Content starts

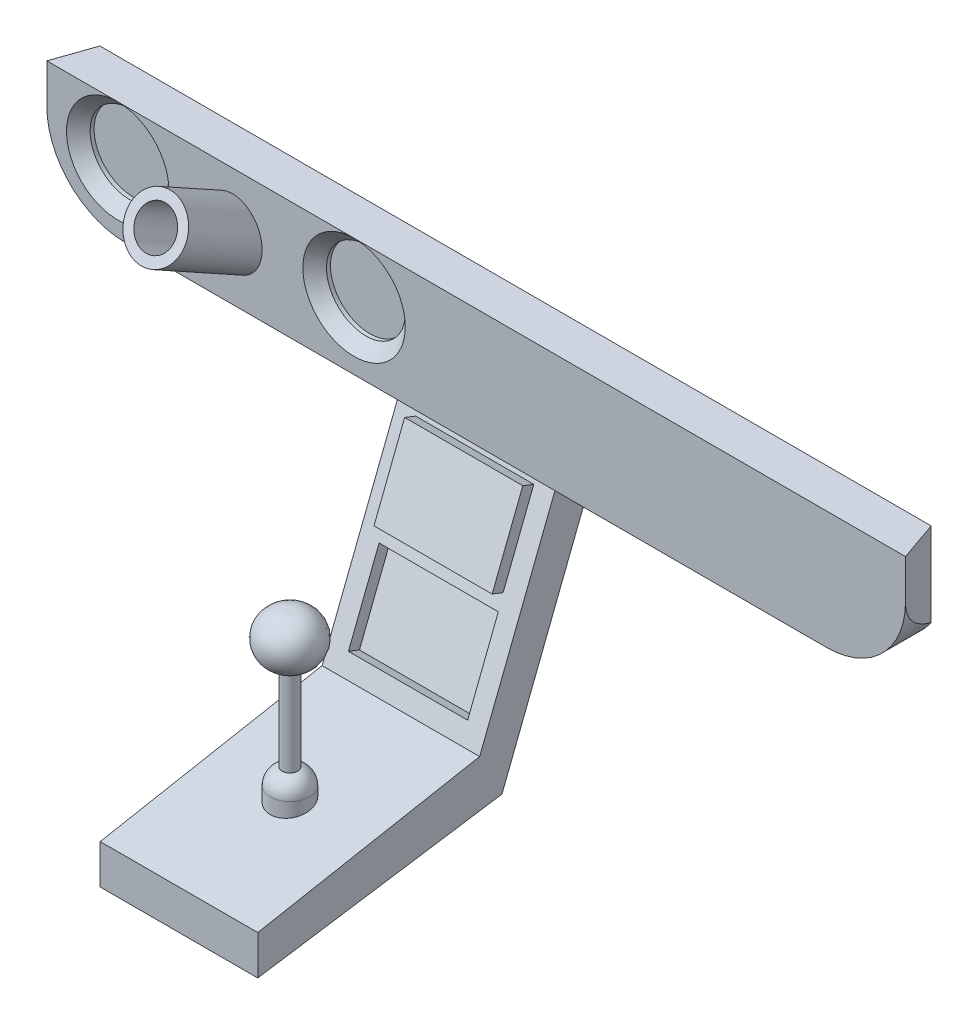
ISO-10303-21;
HEADER;
FILE_DESCRIPTION(('STEP AP214'),'2;1');
FILE_NAME('part.step','',(''),(''),'','','');
FILE_SCHEMA(('AUTOMOTIVE_DESIGN { 1 0 10303 214 1 1 1 1 }'));
ENDSEC;
DATA;
#1=APPLICATION_CONTEXT('core data for automotive mechanical design processes');
#2=APPLICATION_PROTOCOL_DEFINITION('international standard','automotive_design',2000,#1);
#3=PRODUCT_CONTEXT('',#1,'mechanical');
#4=PRODUCT('Part','Part','',(#3));
#5=PRODUCT_RELATED_PRODUCT_CATEGORY('part','',(#4));
#6=PRODUCT_DEFINITION_FORMATION('','',#4);
#7=PRODUCT_DEFINITION_CONTEXT('part definition',#1,'design');
#8=PRODUCT_DEFINITION('design','',#6,#7);
#9=PRODUCT_DEFINITION_SHAPE('','',#8);
#10=(LENGTH_UNIT() NAMED_UNIT(*) SI_UNIT(.MILLI.,.METRE.));
#11=(NAMED_UNIT(*) PLANE_ANGLE_UNIT() SI_UNIT($,.RADIAN.));
#12=(NAMED_UNIT(*) SI_UNIT($,.STERADIAN.) SOLID_ANGLE_UNIT());
#13=UNCERTAINTY_MEASURE_WITH_UNIT(LENGTH_MEASURE(1.E-05),#10,'distance_accuracy_value','');
#14=(GEOMETRIC_REPRESENTATION_CONTEXT(3) GLOBAL_UNCERTAINTY_ASSIGNED_CONTEXT((#13)) GLOBAL_UNIT_ASSIGNED_CONTEXT((#10,
#11,#12)) REPRESENTATION_CONTEXT('',''));
#15=CARTESIAN_POINT('',(0.,0.,0.));
#16=DIRECTION('',(0.,0.,1.));
#17=DIRECTION('',(1.,0.,0.));
#18=AXIS2_PLACEMENT_3D('',#15,#16,#17);
#19=CARTESIAN_POINT('',(-109.,-15.,5.));
#20=DIRECTION('',(0.,1.,0.));
#21=DIRECTION('',(0.,0.,1.));
#22=AXIS2_PLACEMENT_3D('',#19,#20,#21);
#23=PLANE('',#22);
#24=DIRECTION('',(0.,0.,1.));
#25=VECTOR('',#24,1.);
#26=CARTESIAN_POINT('',(20.,-15.,-5.));
#27=LINE('',#26,#25);
#28=CARTESIAN_POINT('',(20.,-15.,-5.));
#29=VERTEX_POINT('',#28);
#30=CARTESIAN_POINT('',(20.,-15.,5.));
#31=VERTEX_POINT('',#30);
#32=EDGE_CURVE('E337',#29,#31,#27,.T.);
#33=ORIENTED_EDGE('',*,*,#32,.F.);
#34=DIRECTION('',(1.,0.,0.));
#35=VECTOR('',#34,1.);
#36=CARTESIAN_POINT('',(-109.,-15.,-5.));
#37=LINE('',#36,#35);
#38=CARTESIAN_POINT('',(89.,-15.,-5.));
#39=VERTEX_POINT('',#38);
#40=EDGE_CURVE('E207',#29,#39,#37,.T.);
#41=ORIENTED_EDGE('',*,*,#40,.T.);
#42=DIRECTION('',(0.,0.,-1.));
#43=VECTOR('',#42,1.);
#44=CARTESIAN_POINT('',(89.,-15.,5.));
#45=LINE('',#44,#43);
#46=CARTESIAN_POINT('',(89.,-15.,5.));
#47=VERTEX_POINT('',#46);
#48=EDGE_CURVE('E229',#39,#47,#45,.F.);
#49=ORIENTED_EDGE('',*,*,#48,.T.);
#50=DIRECTION('',(1.,0.,0.));
#51=VECTOR('',#50,1.);
#52=CARTESIAN_POINT('',(-109.,-15.,5.));
#53=LINE('',#52,#51);
#54=EDGE_CURVE('E396',#31,#47,#53,.T.);
#55=ORIENTED_EDGE('',*,*,#54,.F.);
#56=EDGE_LOOP('',(#33,#41,#49,#55));
#57=FACE_BOUND('',#56,.T.);
#58=ADVANCED_FACE('F34',(#57),#23,.F.);
#59=CARTESIAN_POINT('',(-109.,15.,5.));
#60=DIRECTION('',(0.,-1.,0.));
#61=DIRECTION('',(0.,0.,-1.));
#62=AXIS2_PLACEMENT_3D('',#59,#60,#61);
#63=PLANE('',#62);
#64=DIRECTION('',(-1.,0.,0.));
#65=VECTOR('',#64,1.);
#66=CARTESIAN_POINT('',(-109.,15.,5.));
#67=LINE('',#66,#65);
#68=CARTESIAN_POINT('',(109.,15.,5.));
#69=VERTEX_POINT('',#68);
#70=CARTESIAN_POINT('',(-31.,15.,5.));
#71=VERTEX_POINT('',#70);
#72=EDGE_CURVE('E203',#69,#71,#67,.T.);
#73=ORIENTED_EDGE('',*,*,#72,.F.);
#74=DIRECTION('',(0.328667145466067,0.,0.94444582030479));
#75=VECTOR('',#74,1.);
#76=CARTESIAN_POINT('',(105.52,15.,-5.));
#77=LINE('',#76,#75);
#78=CARTESIAN_POINT('',(105.52,15.,-5.));
#79=VERTEX_POINT('',#78);
#80=EDGE_CURVE('E188',#79,#69,#77,.T.);
#81=ORIENTED_EDGE('',*,*,#80,.F.);
#82=DIRECTION('',(-1.,0.,0.));
#83=VECTOR('',#82,1.);
#84=CARTESIAN_POINT('',(-109.,15.,-5.));
#85=LINE('',#84,#83);
#86=CARTESIAN_POINT('',(-105.52,15.,-5.));
#87=VERTEX_POINT('',#86);
#88=EDGE_CURVE('E200',#79,#87,#85,.T.);
#89=ORIENTED_EDGE('',*,*,#88,.T.);
#90=DIRECTION('',(0.328667145466067,0.,-0.94444582030479));
#91=VECTOR('',#90,1.);
#92=CARTESIAN_POINT('',(-109.,15.,5.));
#93=LINE('',#92,#91);
#94=CARTESIAN_POINT('',(-109.,15.,5.));
#95=VERTEX_POINT('',#94);
#96=EDGE_CURVE('E194',#95,#87,#93,.T.);
#97=ORIENTED_EDGE('',*,*,#96,.F.);
#98=CARTESIAN_POINT('',(-91.,15.,5.));
#99=VERTEX_POINT('',#98);
#100=EDGE_CURVE('E393',#99,#95,#67,.T.);
#101=ORIENTED_EDGE('',*,*,#100,.F.);
#102=EDGE_CURVE('E395',#71,#99,#67,.T.);
#103=ORIENTED_EDGE('',*,*,#102,.F.);
#104=EDGE_LOOP('',(#73,#81,#89,#97,#101,#103));
#105=FACE_BOUND('',#104,.T.);
#106=ADVANCED_FACE('F198',(#105),#63,.F.);
#107=CARTESIAN_POINT('',(-89.,-15.,-5.));
#108=VERTEX_POINT('',#107);
#109=CARTESIAN_POINT('',(-20.,-15.,-5.));
#110=VERTEX_POINT('',#109);
#111=EDGE_CURVE('E211',#108,#110,#37,.T.);
#112=ORIENTED_EDGE('',*,*,#111,.T.);
#113=DIRECTION('',(0.,0.,1.));
#114=VECTOR('',#113,1.);
#115=CARTESIAN_POINT('',(-20.,-15.,-5.));
#116=LINE('',#115,#114);
#117=CARTESIAN_POINT('',(-20.,-15.,5.));
#118=VERTEX_POINT('',#117);
#119=EDGE_CURVE('E352',#110,#118,#116,.T.);
#120=ORIENTED_EDGE('',*,*,#119,.T.);
#121=CARTESIAN_POINT('',(-89.,-15.,5.));
#122=VERTEX_POINT('',#121);
#123=EDGE_CURVE('E217',#122,#118,#53,.T.);
#124=ORIENTED_EDGE('',*,*,#123,.F.);
#125=DIRECTION('',(0.,0.,-1.));
#126=VECTOR('',#125,1.);
#127=CARTESIAN_POINT('',(-89.,-15.,5.));
#128=LINE('',#127,#126);
#129=EDGE_CURVE('E226',#122,#108,#128,.T.);
#130=ORIENTED_EDGE('',*,*,#129,.T.);
#131=EDGE_LOOP('',(#112,#120,#124,#130));
#132=FACE_BOUND('',#131,.T.);
#133=ADVANCED_FACE('F464',(#132),#23,.F.);
#134=CARTESIAN_POINT('',(0.,0.,5.));
#135=DIRECTION('',(0.,0.,1.));
#136=DIRECTION('',(1.,0.,0.));
#137=AXIS2_PLACEMENT_3D('',#134,#135,#136);
#138=PLANE('',#137);
#139=CARTESIAN_POINT('',(-61.85,0.770482043936028,5.));
#140=DIRECTION('',(0.,0.,1.));
#141=DIRECTION('',(0.,1.,0.));
#142=AXIS2_PLACEMENT_3D('',#139,#140,#141);
#143=ELLIPSE('',#142,8.57438243843176,7.50000000000001);
#144=CARTESIAN_POINT('',(-61.85,9.34486448236779,5.));
#145=VERTEX_POINT('',#144);
#146=EDGE_CURVE('E249',#145,#145,#143,.T.);
#147=ORIENTED_EDGE('',*,*,#146,.F.);
#148=EDGE_LOOP('',(#147));
#149=FACE_BOUND('',#148,.T.);
#150=ORIENTED_EDGE('',*,*,#72,.T.);
#151=CARTESIAN_POINT('',(-31.,2.,5.));
#152=DIRECTION('',(0.,0.,1.));
#153=DIRECTION('',(1.,0.,0.));
#154=AXIS2_PLACEMENT_3D('',#151,#152,#153);
#155=CIRCLE('',#154,13.);
#156=EDGE_CURVE('E243',#71,#71,#155,.F.);
#157=ORIENTED_EDGE('',*,*,#156,.T.);
#158=ORIENTED_EDGE('',*,*,#102,.T.);
#159=CARTESIAN_POINT('',(-91.,2.,5.));
#160=DIRECTION('',(0.,0.,1.));
#161=DIRECTION('',(1.,0.,0.));
#162=AXIS2_PLACEMENT_3D('',#159,#160,#161);
#163=CIRCLE('',#162,13.);
#164=EDGE_CURVE('E240',#99,#99,#163,.F.);
#165=ORIENTED_EDGE('',*,*,#164,.T.);
#166=ORIENTED_EDGE('',*,*,#100,.T.);
#167=DIRECTION('',(0.,-1.,0.));
#168=VECTOR('',#167,1.);
#169=CARTESIAN_POINT('',(-109.,15.,5.));
#170=LINE('',#169,#168);
#171=CARTESIAN_POINT('',(-109.,5.,5.));
#172=VERTEX_POINT('',#171);
#173=EDGE_CURVE('E394',#95,#172,#170,.T.);
#174=ORIENTED_EDGE('',*,*,#173,.T.);
#175=CARTESIAN_POINT('',(-89.,5.,5.));
#176=DIRECTION('',(0.,0.,1.));
#177=DIRECTION('',(1.,0.,0.));
#178=AXIS2_PLACEMENT_3D('',#175,#176,#177);
#179=CIRCLE('',#178,20.);
#180=EDGE_CURVE('E232',#172,#122,#179,.T.);
#181=ORIENTED_EDGE('',*,*,#180,.T.);
#182=ORIENTED_EDGE('',*,*,#123,.T.);
#183=DIRECTION('',(-1.,0.,0.));
#184=VECTOR('',#183,1.);
#185=CARTESIAN_POINT('',(20.,-15.,5.));
#186=LINE('',#185,#184);
#187=EDGE_CURVE('E372',#31,#118,#186,.T.);
#188=ORIENTED_EDGE('',*,*,#187,.F.);
#189=ORIENTED_EDGE('',*,*,#54,.T.);
#190=CARTESIAN_POINT('',(89.,5.,5.));
#191=DIRECTION('',(0.,0.,1.));
#192=DIRECTION('',(1.,0.,0.));
#193=AXIS2_PLACEMENT_3D('',#190,#191,#192);
#194=CIRCLE('',#193,20.);
#195=CARTESIAN_POINT('',(109.,5.,5.));
#196=VERTEX_POINT('',#195);
#197=EDGE_CURVE('E234',#47,#196,#194,.T.);
#198=ORIENTED_EDGE('',*,*,#197,.T.);
#199=DIRECTION('',(0.,1.,0.));
#200=VECTOR('',#199,1.);
#201=CARTESIAN_POINT('',(109.,15.,5.));
#202=LINE('',#201,#200);
#203=EDGE_CURVE('E221',#196,#69,#202,.T.);
#204=ORIENTED_EDGE('',*,*,#203,.T.);
#205=EDGE_LOOP('',(#150,#157,#158,#165,#166,#174,#181,#182,#188,#189,#198,#204));
#206=FACE_BOUND('',#205,.T.);
#207=ADVANCED_FACE('F403',(#149,#206),#138,.T.);
#208=CARTESIAN_POINT('',(0.,0.,-5.));
#209=DIRECTION('',(0.,0.,1.));
#210=DIRECTION('',(1.,0.,0.));
#211=AXIS2_PLACEMENT_3D('',#208,#209,#210);
#212=PLANE('',#211);
#213=CARTESIAN_POINT('',(-61.85,-4.77048204393603,-5.));
#214=DIRECTION('',(0.,0.,1.));
#215=DIRECTION('',(0.,1.,0.));
#216=AXIS2_PLACEMENT_3D('',#213,#214,#215);
#217=ELLIPSE('',#216,8.57438243843176,7.50000000000001);
#218=CARTESIAN_POINT('',(-61.85,3.80390039449573,-5.));
#219=VERTEX_POINT('',#218);
#220=EDGE_CURVE('E250',#219,#219,#217,.T.);
#221=ORIENTED_EDGE('',*,*,#220,.T.);
#222=EDGE_LOOP('',(#221));
#223=FACE_BOUND('',#222,.T.);
#224=ORIENTED_EDGE('',*,*,#88,.F.);
#225=DIRECTION('',(0.,1.,0.));
#226=VECTOR('',#225,1.);
#227=CARTESIAN_POINT('',(105.52,-25.,-5.));
#228=LINE('',#227,#226);
#229=CARTESIAN_POINT('',(105.52,-6.27340232582869,-5.));
#230=VERTEX_POINT('',#229);
#231=EDGE_CURVE('E185',#230,#79,#228,.T.);
#232=ORIENTED_EDGE('',*,*,#231,.F.);
#233=CARTESIAN_POINT('',(89.,5.,-5.));
#234=DIRECTION('',(0.,0.,1.));
#235=DIRECTION('',(1.,0.,0.));
#236=AXIS2_PLACEMENT_3D('',#233,#234,#235);
#237=CIRCLE('',#236,20.);
#238=EDGE_CURVE('E224',#230,#39,#237,.F.);
#239=ORIENTED_EDGE('',*,*,#238,.T.);
#240=ORIENTED_EDGE('',*,*,#40,.F.);
#241=DIRECTION('',(-1.,0.,0.));
#242=VECTOR('',#241,1.);
#243=CARTESIAN_POINT('',(20.,-15.,-5.));
#244=LINE('',#243,#242);
#245=EDGE_CURVE('E375',#29,#110,#244,.T.);
#246=ORIENTED_EDGE('',*,*,#245,.T.);
#247=ORIENTED_EDGE('',*,*,#111,.F.);
#248=CARTESIAN_POINT('',(-89.,5.,-5.));
#249=DIRECTION('',(0.,0.,1.));
#250=DIRECTION('',(1.,0.,0.));
#251=AXIS2_PLACEMENT_3D('',#248,#249,#250);
#252=CIRCLE('',#251,20.);
#253=CARTESIAN_POINT('',(-105.52,-6.27340232582869,-5.));
#254=VERTEX_POINT('',#253);
#255=EDGE_CURVE('E222',#108,#254,#252,.F.);
#256=ORIENTED_EDGE('',*,*,#255,.T.);
#257=DIRECTION('',(0.,1.,0.));
#258=VECTOR('',#257,1.);
#259=CARTESIAN_POINT('',(-105.52,-25.,-5.));
#260=LINE('',#259,#258);
#261=EDGE_CURVE('E49',#254,#87,#260,.T.);
#262=ORIENTED_EDGE('',*,*,#261,.T.);
#263=EDGE_LOOP('',(#224,#232,#239,#240,#246,#247,#256,#262));
#264=FACE_BOUND('',#263,.T.);
#265=ADVANCED_FACE('F205',(#223,#264),#212,.F.);
#266=CARTESIAN_POINT('',(89.,5.,5.));
#267=DIRECTION('',(0.,0.,-1.));
#268=DIRECTION('',(-1.,0.,0.));
#269=AXIS2_PLACEMENT_3D('',#266,#267,#268);
#270=CYLINDRICAL_SURFACE('',#269,20.);
#271=CARTESIAN_POINT('',(89.,5.,-52.4712643678162));
#272=DIRECTION('',(-0.94444582030479,0.,0.328667145466067));
#273=DIRECTION('',(-0.328667145466067,0.,-0.94444582030479));
#274=AXIS2_PLACEMENT_3D('',#271,#272,#273);
#275=ELLIPSE('',#274,60.8518383291369,20.);
#276=EDGE_CURVE('E11',#196,#230,#275,.F.);
#277=ORIENTED_EDGE('',*,*,#276,.F.);
#278=ORIENTED_EDGE('',*,*,#197,.F.);
#279=ORIENTED_EDGE('',*,*,#48,.F.);
#280=ORIENTED_EDGE('',*,*,#238,.F.);
#281=EDGE_LOOP('',(#277,#278,#279,#280));
#282=FACE_BOUND('',#281,.T.);
#283=ADVANCED_FACE('F437',(#282),#270,.T.);
#284=CARTESIAN_POINT('',(-89.,5.,5.));
#285=DIRECTION('',(0.,0.,-1.));
#286=DIRECTION('',(-1.,0.,0.));
#287=AXIS2_PLACEMENT_3D('',#284,#285,#286);
#288=CYLINDRICAL_SURFACE('',#287,20.);
#289=CARTESIAN_POINT('',(-89.,5.,-52.4712643678162));
#290=DIRECTION('',(0.94444582030479,0.,0.328667145466067));
#291=DIRECTION('',(0.328667145466067,0.,-0.94444582030479));
#292=AXIS2_PLACEMENT_3D('',#289,#290,#291);
#293=ELLIPSE('',#292,60.8518383291369,20.);
#294=EDGE_CURVE('E42',#254,#172,#293,.F.);
#295=ORIENTED_EDGE('',*,*,#294,.F.);
#296=ORIENTED_EDGE('',*,*,#255,.F.);
#297=ORIENTED_EDGE('',*,*,#129,.F.);
#298=ORIENTED_EDGE('',*,*,#180,.F.);
#299=EDGE_LOOP('',(#295,#296,#297,#298));
#300=FACE_BOUND('',#299,.T.);
#301=ADVANCED_FACE('F533',(#300),#288,.T.);
#302=CARTESIAN_POINT('',(-31.,2.,1.));
#303=DIRECTION('',(0.,0.,1.));
#304=DIRECTION('',(1.,0.,0.));
#305=AXIS2_PLACEMENT_3D('',#302,#303,#304);
#306=CYLINDRICAL_SURFACE('',#305,10.);
#307=CARTESIAN_POINT('',(-31.,2.,1.99999999999998));
#308=DIRECTION('',(0.,0.,1.));
#309=DIRECTION('',(1.,0.,0.));
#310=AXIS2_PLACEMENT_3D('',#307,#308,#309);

Content ends

*WHAT THIS TASK INVOLVES*
Repeat exactly the lines of the listing above, from the one with "#257=DIRECTION('',(0.,1.,0.));" down to the one with "#277=ORIENTED_EDGE('',*,*,#276,.F.);"; both of those lines belong in the range.

*ANSWER BOX*
#257=DIRECTION('',(0.,1.,0.));
#258=VECTOR('',#257,1.);
#259=CARTESIAN_POINT('',(-105.52,-25.,-5.));
#260=LINE('',#259,#258);
#261=EDGE_CURVE('E49',#254,#87,#260,.T.);
#262=ORIENTED_EDGE('',*,*,#261,.T.);
#263=EDGE_LOOP('',(#224,#232,#239,#240,#246,#247,#256,#262));
#264=FACE_BOUND('',#263,.T.);
#265=ADVANCED_FACE('F205',(#223,#264),#212,.F.);
#266=CARTESIAN_POINT('',(89.,5.,5.));
#267=DIRECTION('',(0.,0.,-1.));
#268=DIRECTION('',(-1.,0.,0.));
#269=AXIS2_PLACEMENT_3D('',#266,#267,#268);
#270=CYLINDRICAL_SURFACE('',#269,20.);
#271=CARTESIAN_POINT('',(89.,5.,-52.4712643678162));
#272=DIRECTION('',(-0.94444582030479,0.,0.328667145466067));
#273=DIRECTION('',(-0.328667145466067,0.,-0.94444582030479));
#274=AXIS2_PLACEMENT_3D('',#271,#272,#273);
#275=ELLIPSE('',#274,60.8518383291369,20.);
#276=EDGE_CURVE('E11',#196,#230,#275,.F.);
#277=ORIENTED_EDGE('',*,*,#276,.F.);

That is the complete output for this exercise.